* _PROBLEM REQUIREMENTS_: Omit all pictures. Reproduce exactly the lines from the first line of the records below through the line with "import ezdxf".
============
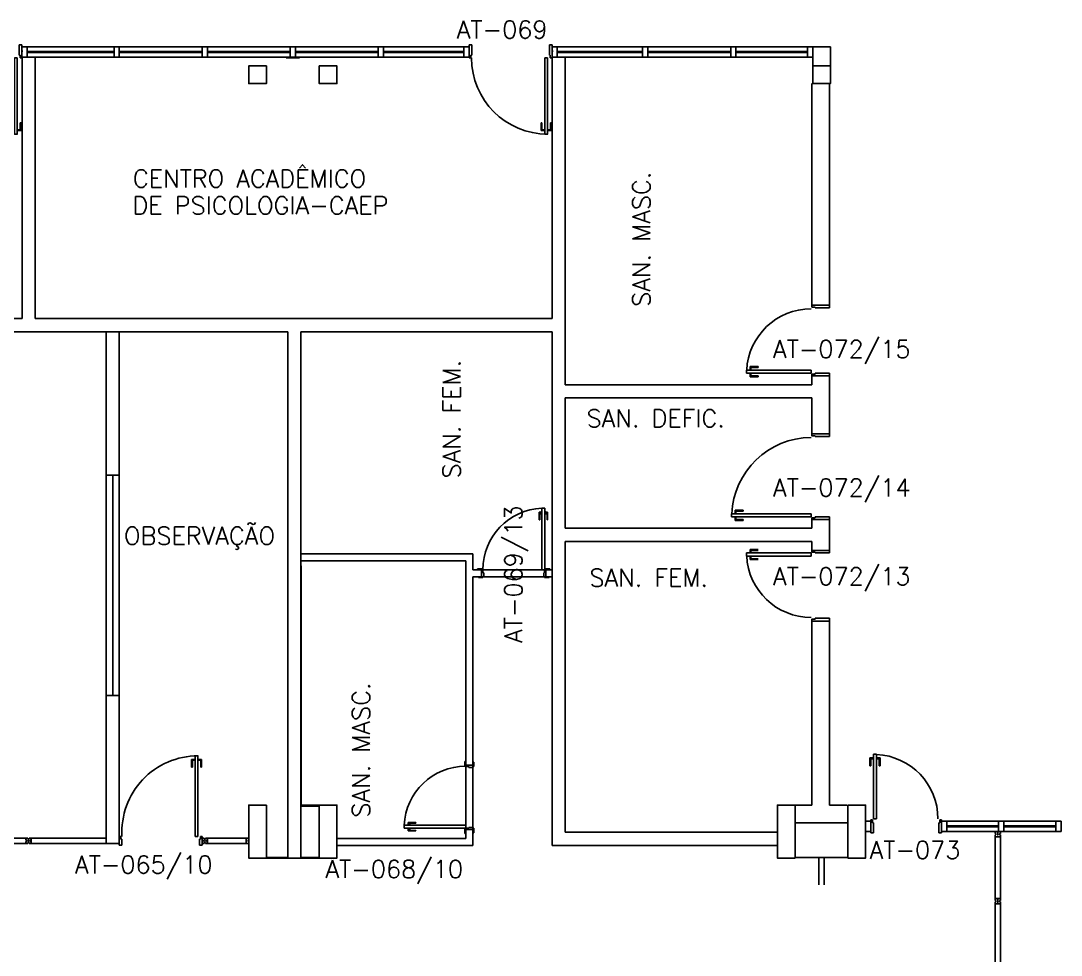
# Model space of a CAD drawing. Header units: millimetres. Extents: x 2860 to 3104, y 1039 to 1134.
# Drawn here: x 2936.12 to 2947.93, y 1060.27 to 1070.88 of the extents above; entities that cross this region are included whole.
import ezdxf

# ---------------------------------------------------------------- set-up
doc = ezdxf.new("R2010")
doc.units = ezdxf.units.MM
for name, color, linetype in [('ALV', 2, 'Continuous'), ('DIV', 2, 'Continuous'), ('ESQ', 2, 'Continuous'), ('ESTR', 3, 'Continuous'), ('MARCO', 2, 'Continuous'), ('PORTA', 2, 'Continuous'), ('SOLEIRA', 1, 'Continuous'), ('TEXTO', 2, 'Continuous'), ('TEXTO-ENDEREÇO', 2, 'Continuous')]:
    doc.layers.add(name, color=color, linetype=linetype)
doc.styles.add('UNB-100', font='simplex.shx', dxfattribs={"height": 0.2})
doc.styles.add('UNB-100-1', font='simplex.shx', dxfattribs={"height": 0.2})

# ---------------------------------------------------------------- blocks, each defined once
blk = doc.blocks.new('PILINT-TTS')
for points in [[(-0.2, 0), (-0.2, -0.2), (0, -0.2), (0, 0)], [(-0.8, 0), (-0.8, -0.2), (-1, -0.2), (-1, 0)], [(-0.8, -8.39), (-0.8, -8.99), (-1, -8.99), (-1, -8.39)]]:
    blk.add_lwpolyline(points, close=True)
blk.add_lwpolyline([(-0.2, -8.99), (0, -8.99), (0, -8.39), (-0.2, -8.39), (-0.2, -8.99)])
blk = doc.blocks.new('PDV2D-TTS')
at = {"layer": 'DIV'}
for p, q in [((0.03, 0.05), (0.06, 0.05)), ((0.03, 0.035), (0.03, 0.05)), ((0.03, -0.035), (0.03, 0.035)), ((0.06, 0.05), (0.06, -0.02)), ((0.941, 0.05), (0.941, -0.02)), ((0.971, 0.05), (0.941, 0.05)), ((0.971, 0.035), (0.971, 0.05)), ((0.971, -0.035), (0.971, 0.035)), ((0.03, -0.05), (0.03, -0.035)), ((0.05, -0.05), (0.03, -0.05)), ((0.05, -0.02), (0.06, -0.02)), ((0.05, -0.02), (0.05, -0.05)), ((0.079, -0.05), (0.109, -0.05)), ((0.079, -0.05), (0.079, -0.965)), ((0.109, -0.05), (0.109, -0.965)), ((0.951, -0.02), (0.941, -0.02)), ((0.951, -0.02), (0.951, -0.05)), ((0.951, -0.05), (0.971, -0.05)), ((0.971, -0.05), (0.971, -0.035)), ((0.109, -0.965), (0.079, -0.965))]:
    blk.add_line(p, q, dxfattribs=at)
at = {"layer": 'DIV', "color": 1}
for p, q in [((0.036, -0.925), (0.036, -0.835)), ((0.046, -0.835), (0.036, -0.835)), ((0.036, -0.925), (0.076, -0.925)), ((0.046, -0.915), (0.046, -0.835)), ((0.046, -0.915), (0.076, -0.915)), ((0.141, -0.915), (0.111, -0.915)), ((0.151, -0.925), (0.111, -0.925)), ((0.141, -0.915), (0.141, -0.835)), ((0.141, -0.835), (0.151, -0.835)), ((0.151, -0.925), (0.151, -0.835))]:
    blk.add_line(p, q, dxfattribs=at)
blk.add_arc((0.076, -0.1), 0.865, 270, 3.3214, dxfattribs=at)
blk = doc.blocks.new('DIVMT-TTS')
for p, q in [((-0.03, 0.03), (-0.03, 0.006)), ((-0.008, 0.03), (-0.03, 0.03)), ((-0.0185, 0.006), (-0.03, 0.006)), ((-0.0185, -0.006), (-0.0185, 0.006)), ((-0.008, 0.03), (-0.008, 0.02)), ((-0.008, 0.02), (0.008, 0.02)), ((-0.0051, 0), (0.0051, 0)), ((0.0051, 0), (-0.0051, 0)), ((-0.0051, 0), (0.0051, 0)), ((0, -0.0051), (0, 0.0051)), ((0, 0.0051), (0, -0.0051)), ((0.008, 0.03), (0.008, 0.02)), ((0.008, 0.03), (0.03, 0.03)), ((0.0205, 0.006), (0.03, 0.006)), ((0.0205, -0.006), (0.0205, 0.006)), ((0.0205, 0.006), (0.0205, -0.006)), ((0.0205, 0.006), (0.03, 0.006)), ((0.97, 0.03), (0.03, 0.03)), ((0.03, 0.006), (0.03, 0.03)), ((0.03, -0.03), (0.03, 0.03)), ((0.03, -0.005), (0.03, 0.005)), ((0.97, -0.03), (0.97, 0.03)), ((0.97, 0.03), (0.97, 0.009)), ((0.97, 0.009), (0.97, 0.027)), ((0.9795, 0.006), (0.97, 0.006)), ((0.97, -0.005), (0.97, 0.005)), ((0.9795, 0.006), (0.9795, -0.006)), ((1.0051, 0), (0.9949, 0)), ((1, 0.0051), (1, -0.0051)), ((-0.0185, -0.006), (-0.03, -0.006)), ((-0.03, -0.03), (-0.03, -0.006)), ((-0.008, -0.03), (-0.03, -0.03)), ((-0.008, -0.03), (-0.008, -0.02)), ((-0.008, -0.02), (0.008, -0.02)), ((0.008, -0.03), (0.008, -0.02)), ((0.008, -0.03), (0.03, -0.03)), ((0.0205, -0.006), (0.03, -0.006)), ((0.0205, -0.006), (0.03, -0.006)), ((0.03, -0.006), (0.03, -0.03)), ((0.97, -0.03), (0.03, -0.03)), ((0.9795, -0.006), (0.97, -0.006)), ((0.97, -0.009), (0.97, -0.027))]:
    blk.add_line(p, q)
blk = doc.blocks.new('PE80-TTS')
for p, q in [((0.075, 0), (-0.075, 0)), ((-0.075, -0.03), (-0.075, 0)), ((0.075, 0), (0.075, -0.02)), ((0.777, 0.01), (0.687, 0.01)), ((0.687, 0), (0.687, 0.01)), ((0.777, 0.01), (0.777, -0.03)), ((0.04, -0.03), (-0.075, -0.03)), ((0.075, -0.02), (0.04, -0.02)), ((0.04, -0.03), (0.04, -0.02)), ((0.085, -0.03), (0.817, -0.03)), ((0.085, -0.03), (0.085, -0.065)), ((0.085, -0.065), (0.817, -0.065)), ((0.767, 0), (0.687, 0)), ((0.767, -0.095), (0.687, -0.095)), ((0.687, -0.095), (0.687, -0.105)), ((0.777, -0.105), (0.687, -0.105)), ((0.767, 0), (0.767, -0.03)), ((0.767, -0.095), (0.767, -0.065)), ((0.777, -0.105), (0.777, -0.065)), ((0.817, -0.065), (0.817, -0.03)), ((0.04, -0.771), (-0.075, -0.771)), ((-0.075, -0.771), (-0.075, -0.801)), ((0.075, -0.801), (-0.075, -0.801)), ((0.075, -0.802), (-0.075, -0.802)), ((0.04, -0.771), (0.04, -0.781)), ((0.075, -0.781), (0.04, -0.781)), ((0.075, -0.801), (0.075, -0.781))]:
    blk.add_line(p, q)
at = {"color": 1}
blk.add_arc((0.085, -0.03), 0.731, 270, 357.3429, dxfattribs=at)
blk = doc.blocks.new('PDV1E-TTS')
at = {"layer": 'DIV'}
for p, q in [((-0.94, 0.075), (-0.91, 0.075)), ((-0.94, 0.06), (-0.94, 0.075)), ((-0.94, -0.06), (-0.94, 0.06)), ((-0.91, 0.075), (-0.91, -0.045)), ((0, 0.075), (-0.03, 0.075)), ((-0.03, 0.075), (-0.03, -0.045)), ((0, 0.06), (0, 0.075)), ((0, -0.06), (0, 0.06)), ((0, 0), (0.012, 0)), ((-0.94, -0.075), (-0.94, -0.06)), ((-0.92, -0.075), (-0.94, -0.075)), ((-0.92, -0.045), (-0.92, -0.075)), ((-0.92, -0.045), (-0.91, -0.045)), ((-0.082, -0.075), (-0.082, -0.94)), ((-0.052, -0.075), (-0.082, -0.075)), ((-0.052, -0.075), (-0.052, -0.94)), ((-0.02, -0.045), (-0.03, -0.045)), ((-0.02, -0.045), (-0.02, -0.075)), ((-0.02, -0.075), (0, -0.075)), ((0, -0.075), (0, -0.06)), ((-0.114, -0.81), (-0.124, -0.81)), ((-0.124, -0.9), (-0.124, -0.81)), ((-0.114, -0.89), (-0.114, -0.81)), ((-0.019, -0.81), (-0.009, -0.81)), ((-0.019, -0.89), (-0.019, -0.81)), ((-0.009, -0.9), (-0.009, -0.81)), ((-0.124, -0.9), (-0.084, -0.9)), ((-0.114, -0.89), (-0.084, -0.89)), ((-0.082, -0.94), (-0.052, -0.94)), ((-0.019, -0.89), (-0.049, -0.89)), ((-0.009, -0.9), (-0.049, -0.9))]:
    blk.add_line(p, q, dxfattribs=at)
blk.add_arc((-0.048, -0.075), 0.865, 180, 270, dxfattribs=at)

msp = doc.modelspace()

# ---------------------------------------------------------------- linework, layer by layer
at = {"layer": 'ALV'}
for p, q in [((2936.134, 1067.496), (2936.134, 1070.462)), ((2936.284, 1070.462), (2936.134, 1070.462)), ((2936.284, 1067.496), (2936.284, 1070.462)), ((2942.15, 1067.496), (2942.15, 1070.462)), ((2942.3, 1070.462), (2942.15, 1070.462)), ((2942.3, 1066.746), (2942.3, 1070.462)), ((2945.099, 1070.164), (2945.099, 1067.648)), ((2945.299, 1070.164), (2945.299, 1067.648)), ((2945.099, 1067.648), (2945.299, 1067.648)), ((2945.299, 1067.648), (2945.099, 1067.648)), ((2945.099, 1067.647), (2945.299, 1067.647)), ((2932.283, 1067.496), (2936.134, 1067.496)), ((2936.284, 1067.496), (2942.15, 1067.496)), ((2936.284, 1067.496), (2942.15, 1067.496)), ((2932.283, 1067.346), (2939.151, 1067.346)), ((2939.15, 1061.374), (2939.15, 1067.346)), ((2939.151, 1061.824), (2939.151, 1067.346)), ((2939.3, 1061.374), (2939.3, 1067.346)), ((2939.3, 1067.346), (2942.15, 1067.346)), ((2942.15, 1061.516), (2942.15, 1067.346)), ((2945.299, 1066.846), (2945.099, 1066.846)), ((2945.099, 1066.846), (2945.299, 1066.846)), ((2945.099, 1066.846), (2945.099, 1066.746)), ((2945.299, 1066.846), (2945.299, 1066.188)), ((2945.099, 1066.746), (2942.3, 1066.746)), ((2945.099, 1066.596), (2942.3, 1066.596)), ((2942.3, 1065.116), (2942.3, 1066.596)), ((2945.099, 1066.596), (2945.099, 1066.188)), ((2945.099, 1066.188), (2945.299, 1066.188)), ((2945.299, 1066.188), (2945.099, 1066.188)), ((2945.099, 1066.187), (2945.299, 1066.187)), ((2945.099, 1065.216), (2945.099, 1065.116)), ((2945.299, 1065.216), (2945.099, 1065.216)), ((2945.099, 1065.216), (2945.299, 1065.216)), ((2945.099, 1065.216), (2945.099, 1065.116)), ((2945.299, 1065.216), (2945.299, 1064.866)), ((2945.099, 1065.116), (2942.3, 1065.116)), ((2945.099, 1064.966), (2942.3, 1064.966)), ((2942.3, 1061.666), (2942.3, 1064.966)), ((2945.099, 1064.966), (2945.099, 1064.866)), ((2945.299, 1064.866), (2945.099, 1064.866)), ((2945.299, 1064.866), (2945.099, 1064.866)), ((2945.099, 1064.866), (2945.299, 1064.866)), ((2939.301, 1061.974), (2939.301, 1064.689)), ((2945.099, 1064.064), (2945.099, 1061.972)), ((2945.299, 1064.064), (2945.099, 1064.064)), ((2945.299, 1064.064), (2945.299, 1061.972)), ((2945.099, 1061.972), (2944.897, 1061.972)), ((2945.299, 1061.972), (2945.495, 1061.972)), ((2944.908, 1061.772), (2945.504, 1061.772)), ((2944.708, 1061.666), (2942.3, 1061.666)), ((2944.708, 1061.516), (2942.15, 1061.516)), ((2939.15, 1061.374), (2939.3, 1061.374))]:
    msp.add_line(p, q, dxfattribs=at)
for points in [[(2937.088, 1061.589), (2937.088, 1067.346)], [(2937.238, 1061.589), (2937.238, 1067.346)], [(2937.088, 1065.718), (2937.238, 1065.718)], [(2937.163, 1065.718), (2937.163, 1063.218)], [(2937.088, 1063.218), (2937.238, 1063.218)], [(2937.088, 1061.599), (2937.088, 1061.539), (2937.237, 1061.539), (2937.238, 1061.589)]]:
    msp.add_lwpolyline(points, dxfattribs=at)
at = {"layer": 'DIV'}
for p, q in [((2939.3, 1064.828), (2941.25, 1064.828)), ((2939.3, 1064.748), (2941.17, 1064.748)), ((2941.17, 1062.426), (2941.17, 1064.748)), ((2941.25, 1064.646), (2941.25, 1064.828)), ((2941.25, 1064.646), (2941.35, 1064.646)), ((2941.35, 1064.646), (2941.35, 1064.566)), ((2942.08, 1064.646), (2942.15, 1064.646)), ((2942.08, 1064.646), (2942.08, 1064.566)), ((2941.35, 1064.566), (2941.25, 1064.566)), ((2941.25, 1062.426), (2941.25, 1064.566)), ((2942.08, 1064.566), (2942.15, 1064.566)), ((2941.17, 1062.426), (2941.25, 1062.426)), ((2939.508, 1061.974), (2939.3, 1061.974)), ((2939.508, 1061.964), (2939.3, 1061.964)), ((2941.17, 1061.596), (2941.17, 1061.696)), ((2941.17, 1061.696), (2941.25, 1061.696)), ((2941.25, 1061.516), (2941.25, 1061.696)), ((2947.178, 1061.652), (2947.178, 1061.674)), ((2947.178, 1061.674), (2947.202, 1061.674)), ((2947.178, 1061.652), (2947.188, 1061.652)), ((2947.188, 1061.652), (2947.188, 1061.636)), ((2947.202, 1061.662), (2947.202, 1061.674)), ((2947.202, 1061.662), (2947.214, 1061.662)), ((2947.214, 1061.662), (2947.214, 1061.674)), ((2947.238, 1061.674), (2947.214, 1061.674)), ((2947.238, 1061.652), (2947.228, 1061.652)), ((2947.228, 1061.652), (2947.228, 1061.636)), ((2947.238, 1061.652), (2947.238, 1061.674)), ((2936.178, 1061.599), (2935.238, 1061.599)), ((2936.178, 1061.539), (2935.238, 1061.539)), ((2936.178, 1061.599), (2936.178, 1061.575)), ((2936.2, 1061.599), (2936.178, 1061.599)), ((2936.189, 1061.575), (2936.178, 1061.575)), ((2936.189, 1061.563), (2936.178, 1061.563)), ((2936.178, 1061.539), (2936.178, 1061.563)), ((2936.2, 1061.539), (2936.178, 1061.539)), ((2936.189, 1061.563), (2936.189, 1061.575)), ((2936.2, 1061.599), (2936.2, 1061.589)), ((2936.2, 1061.589), (2936.216, 1061.589)), ((2936.2, 1061.539), (2936.2, 1061.549)), ((2936.2, 1061.549), (2936.216, 1061.549)), ((2936.203, 1061.569), (2936.213, 1061.569)), ((2936.213, 1061.569), (2936.203, 1061.569)), ((2936.203, 1061.569), (2936.213, 1061.569)), ((2936.208, 1061.564), (2936.208, 1061.574)), ((2936.208, 1061.574), (2936.208, 1061.564)), ((2936.216, 1061.599), (2936.216, 1061.589)), ((2936.216, 1061.599), (2936.238, 1061.599)), ((2936.216, 1061.539), (2936.216, 1061.549)), ((2936.216, 1061.539), (2936.238, 1061.539)), ((2936.228, 1061.575), (2936.238, 1061.575)), ((2936.228, 1061.563), (2936.228, 1061.575)), ((2936.228, 1061.575), (2936.228, 1061.563)), ((2936.228, 1061.575), (2936.238, 1061.575)), ((2936.228, 1061.563), (2936.238, 1061.563)), ((2936.228, 1061.563), (2936.238, 1061.563)), ((2936.238, 1061.599), (2937.088, 1061.599)), ((2936.238, 1061.575), (2936.238, 1061.599)), ((2936.238, 1061.539), (2936.238, 1061.599)), ((2936.238, 1061.564), (2936.238, 1061.574)), ((2936.238, 1061.563), (2936.238, 1061.539)), ((2936.238, 1061.539), (2937.178, 1061.539)), ((2938.178, 1061.599), (2938.178, 1061.575)), ((2938.2, 1061.599), (2938.178, 1061.599)), ((2938.178, 1061.539), (2938.178, 1061.599)), ((2938.178, 1061.599), (2938.178, 1061.578)), ((2938.178, 1061.578), (2938.178, 1061.596)), ((2938.189, 1061.575), (2938.178, 1061.575)), ((2938.187, 1061.575), (2938.178, 1061.575)), ((2938.178, 1061.564), (2938.178, 1061.574)), ((2938.189, 1061.563), (2938.178, 1061.563)), ((2938.178, 1061.539), (2938.178, 1061.563)), ((2938.187, 1061.563), (2938.178, 1061.563)), ((2938.178, 1061.56), (2938.178, 1061.542)), ((2938.2, 1061.539), (2938.178, 1061.539)), ((2938.187, 1061.575), (2938.187, 1061.563)), ((2938.189, 1061.563), (2938.189, 1061.575)), ((2938.2, 1061.599), (2938.2, 1061.589)), ((2938.2, 1061.589), (2938.216, 1061.589)), ((2938.2, 1061.539), (2938.2, 1061.549)), ((2938.2, 1061.549), (2938.216, 1061.549)), ((2938.203, 1061.569), (2938.213, 1061.569)), ((2938.213, 1061.569), (2938.203, 1061.569)), ((2938.203, 1061.569), (2938.213, 1061.569)), ((2938.213, 1061.569), (2938.203, 1061.569)), ((2938.208, 1061.564), (2938.208, 1061.574)), ((2938.208, 1061.574), (2938.208, 1061.564)), ((2938.208, 1061.574), (2938.208, 1061.564)), ((2938.216, 1061.599), (2938.216, 1061.589)), ((2938.216, 1061.599), (2938.238, 1061.599)), ((2938.216, 1061.539), (2938.216, 1061.549)), ((2938.216, 1061.539), (2938.238, 1061.539)), ((2938.228, 1061.575), (2938.238, 1061.575)), ((2938.228, 1061.563), (2938.228, 1061.575)), ((2938.228, 1061.575), (2938.228, 1061.563)), ((2938.228, 1061.575), (2938.238, 1061.575)), ((2938.228, 1061.563), (2938.238, 1061.563)), ((2938.228, 1061.563), (2938.238, 1061.563)), ((2938.238, 1061.575), (2938.238, 1061.599)), ((2938.238, 1061.539), (2938.238, 1061.599)), ((2938.238, 1061.599), (2938.678, 1061.599)), ((2938.238, 1061.564), (2938.238, 1061.574)), ((2938.238, 1061.563), (2938.238, 1061.539)), ((2938.238, 1061.539), (2938.678, 1061.539)), ((2938.678, 1061.599), (2938.678, 1061.578)), ((2938.7, 1061.598), (2938.678, 1061.598)), ((2938.678, 1061.598), (2938.678, 1061.538)), ((2938.678, 1061.577), (2938.678, 1061.595)), ((2938.687, 1061.575), (2938.678, 1061.575)), ((2938.678, 1061.564), (2938.678, 1061.574)), ((2938.687, 1061.574), (2938.678, 1061.574)), ((2938.678, 1061.573), (2938.678, 1061.563)), ((2938.687, 1061.563), (2938.678, 1061.563)), ((2938.687, 1061.562), (2938.678, 1061.562)), ((2938.678, 1061.559), (2938.678, 1061.541)), ((2938.7, 1061.538), (2938.678, 1061.538)), ((2938.685, 1061.574), (2938.681, 1061.574)), ((2938.685, 1061.562), (2938.681, 1061.562)), ((2938.687, 1061.575), (2938.687, 1061.563)), ((2938.687, 1061.562), (2938.687, 1061.574)), ((2938.687, 1061.572), (2938.687, 1061.564)), ((2938.7, 1061.598), (2938.7, 1061.588)), ((2938.708, 1061.588), (2938.7, 1061.588)), ((2938.7, 1061.538), (2938.7, 1061.548)), ((2938.7, 1061.548), (2938.708, 1061.548)), ((2938.713, 1061.568), (2938.702, 1061.568)), ((2938.708, 1061.588), (2938.708, 1061.567)), ((2938.708, 1061.573), (2938.708, 1061.563)), ((2938.708, 1061.567), (2938.708, 1061.548)), ((2939.708, 1061.596), (2941.17, 1061.596)), ((2947.178, 1061.636), (2947.188, 1061.636)), ((2947.178, 1061.636), (2947.178, 1061.614)), ((2947.178, 1060.914), (2947.178, 1061.614)), ((2947.202, 1061.614), (2947.178, 1061.614)), ((2947.178, 1061.614), (2947.238, 1061.614)), ((2947.202, 1061.623), (2947.214, 1061.623)), ((2947.202, 1061.623), (2947.202, 1061.614)), ((2947.214, 1061.623), (2947.202, 1061.623)), ((2947.202, 1061.623), (2947.202, 1061.614)), ((2947.203, 1061.644), (2947.213, 1061.644)), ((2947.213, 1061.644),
============
* _TASK OUTPUT_:
# Model space of a CAD drawing. Header units: millimetres. Extents: x 2860 to 3104, y 1039 to 1134.
# Drawn here: x 2936.12 to 2947.93, y 1060.27 to 1070.88 of the extents above; entities that cross this region are included whole.
import ezdxf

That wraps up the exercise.